Оказывается, это был приказ генерала Сугама, который по сговору с неприятелем отступал к Версалю, покинув свой пост, испугавшись, что императору может стать известно о вчерашних переговорах Мармона, его самого и некоторых других с австрийцами; неожиданное появление полковника Гурго, адъютанта его императорского величества, побудило генерала решиться на этот крайний шаг. Свой вызов в Фонтенбло он считал просто ловушкой. Стоя на берегу какого-то ручейка, Фавье выкрикивал что-то (что именно — Робер так и не разобрал), а генерал Сугам, сидевший на коне, монотонно твердил: «Он меня расстреляет!» Вот как была предана Франция, и император, и двадцать лет славы. Всю жизнь будет с горечью вспоминать поручик Дьедонне название этого ручейка. Он нарочно осведомился об этом у какого-то крестьянина, который, услышав конский топот, высунулся, полуголый, из окошка поглядеть на солдат. Странное название оказалось у этого ручейка. Он назывался «Булькай в дождь»…
С тех пор прошло меньше года, и вот Робер Дьедонне вновь направляется верхом в Эссон… Там его ждет ночлег. А быть может, встреча с Бонапартом. Дождь снова усилился. Как ни странно, но больше и настойчивее, чем об императоре, Дьедонне думал о «совершенном создании», о Фавье, влюбленном в эту женщину с 1805 года… уже целых десять лет… о, это, конечно, прекрасно, ничего не скажешь, но он, Робер, не создан для подобных чувств. Его молодость прошла в мимолетных и случайных романах. Интересно, кто такая эта женщина?
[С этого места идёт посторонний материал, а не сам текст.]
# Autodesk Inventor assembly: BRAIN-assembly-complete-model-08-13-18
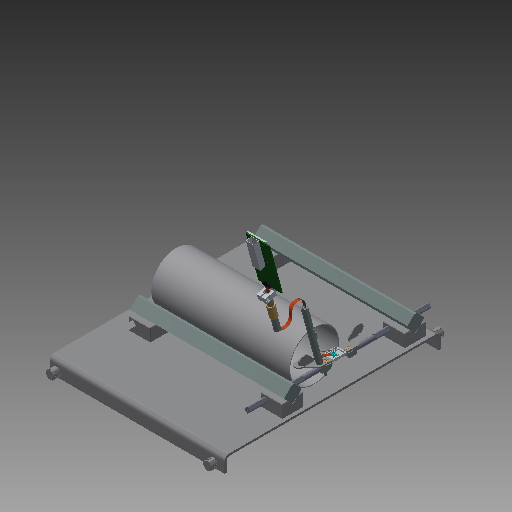
[picture p0: Inventor's stored thumbnail of the model, 512x512]
Saved by Autodesk Inventor 2019 (Build 230136000, 136)
## iProperties
Created: 2018-06-26
Part Number: BRAIN-assembly-complete-model-08-13-18
Description: Creo Elements/Direct Modeling STEP Export
Document SubType Name: Assembly
Designer: Brian
Sending System: PTC Creo Elements/Direct Modeling 19.0C  15-Aug-2015 (C) Parametric Technology GmbH
Preprocessor: PTC Creo Elements/Direct Modeling STEP processor for AP214 (Solid Model)
Title: BRAIN-assembly-complete-model-06-26-18.stp
## Documents named in this file (9)
- C:\Users\bgereke\Desktop\designs\Nord\BRAIN-assembly-complete-model-08-13-18.iam
- C:\Users\bgereke\Desktop\designs\Nord\Data-collection-assembly.iam
- C:\Users\bgereke\Desktop\designs\Nord\Head-Clamp-monolith-clamp-V2-RH.1.ipt
- C:\Users\bgereke\Desktop\designs\Nord\A-P-bar-01.ipt
- C:\Users\bgereke\Desktop\designs\Nord\A-P-bar-02.ipt
- C:\Users\bgereke\Desktop\designs\Nord\EarBar-02b.ipt
- C:\Users\bgereke\Desktop\designs\Nord\EarBar-01b.ipt
- C:\Users\bgereke\Desktop\designs\Nord\Mammock-assembly.iam
- C:\Users\bgereke\Desktop\designs\rat_cylinder.ipt
## Components (8 placed, 8 different names)
1. Data-collection-assembly_314 [sub-assembly] — Mate:2, Flush:1, Flush:2, Mate:3, Mate:4, Mate:5, Mate:6, Mate:7, Mate:8, Flush:9
2. Head-Clamp-monolith-clamp-V2-RH.1:1 — Mate:2, Mate:6, Mate:7
3. A-P-bar-01_39 — Flush:1, Flush:4, Flush:6, Mate:4, Mate:5, Mate:9, Mate:10, Flush:7
4. A-P-bar-02_36 — Flush:2, Flush:3, Flush:6, Mate:8, Flush:8, Mate:11, Mate:12
5. EarBar-02b_37 — Flush:3, Flush:8, Mate:11, Mate:12
6. EarBar-01b_41 — Flush:4, Mate:9, Mate:10, Flush:7
7. Mammock-assembly_311 [sub-assembly] — Mate:3, Flush:9
8. rat_cylinder:1
## Relationships (19: Mate 11, Flush 8)
- Mate:2: Data-collection-assembly_314 ↔ Head-Clamp-monolith-clamp-V2-RH.1:1
- Flush:1: Data-collection-assembly_314 ↔ A-P-bar-01_39
- Flush:2: Data-collection-assembly_314 ↔ A-P-bar-02_36
- Flush:3: A-P-bar-02_36 ↔ EarBar-02b_37
- Flush:4: A-P-bar-01_39 ↔ EarBar-01b_41
- Mate:3: Data-collection-assembly_314 ↔ Mammock-assembly_311
- Flush:6: A-P-bar-01_39 ↔ A-P-bar-02_36
- Mate:4: Data-collection-assembly_314 ↔ A-P-bar-01_39
- Mate:5: Data-collection-assembly_314 ↔ A-P-bar-01_39
- Mate:6: Data-collection-assembly_314 ↔ Head-Clamp-monolith-clamp-V2-RH.1:1
- Mate:7: Data-collection-assembly_314 ↔ Head-Clamp-monolith-clamp-V2-RH.1:1
- Mate:8: Data-collection-assembly_314 ↔ A-P-bar-02_36
- Mate:9: A-P-bar-01_39 ↔ EarBar-01b_41
- Mate:10: A-P-bar-01_39 ↔ EarBar-01b_41
- Flush:7: A-P-bar-01_39 ↔ EarBar-01b_41
- Flush:8: A-P-bar-02_36 ↔ EarBar-02b_37
- Mate:11: A-P-bar-02_36 ↔ EarBar-02b_37
- Mate:12: A-P-bar-02_36 ↔ EarBar-02b_37
- Flush:9 (52.7 mm): Data-collection-assembly_314 ↔ Mammock-assembly_311

* * *Третий раз в течение одного дня полковнику барону Шарлю Фавье, подпоручику 6-й роты герцога Рагузского, которую солдаты именовали для простоты «Иудиной ротой», пришлось побывать во дворце. Этот тридцатитрехлетний гигант шести футов роста, с крупным и тяжелым лицом, черноусый, с уже редеющими волосами, отчего лоб казался еще выше, с огромными глазами и длинными, загнутыми вверх ресницами, в третий раз в течение одного дня спускался с лестницы Павильона Флоры в полной парадной форме: плащ скреплен у горла пряжкой, левая пола закинута на могучее плечо, под мышкой видна блестящая каска с изображенным на ней солнцем, васильковый мундир с пурпуровыми отворотами, подбитые пурпуром полы; сверкая серебряным шитьем, спускался он по лестнице в полном смятении чувств, с отвращением пробираясь сквозь толпу сгрудившихся на ступеньках соглядатаев из полиции.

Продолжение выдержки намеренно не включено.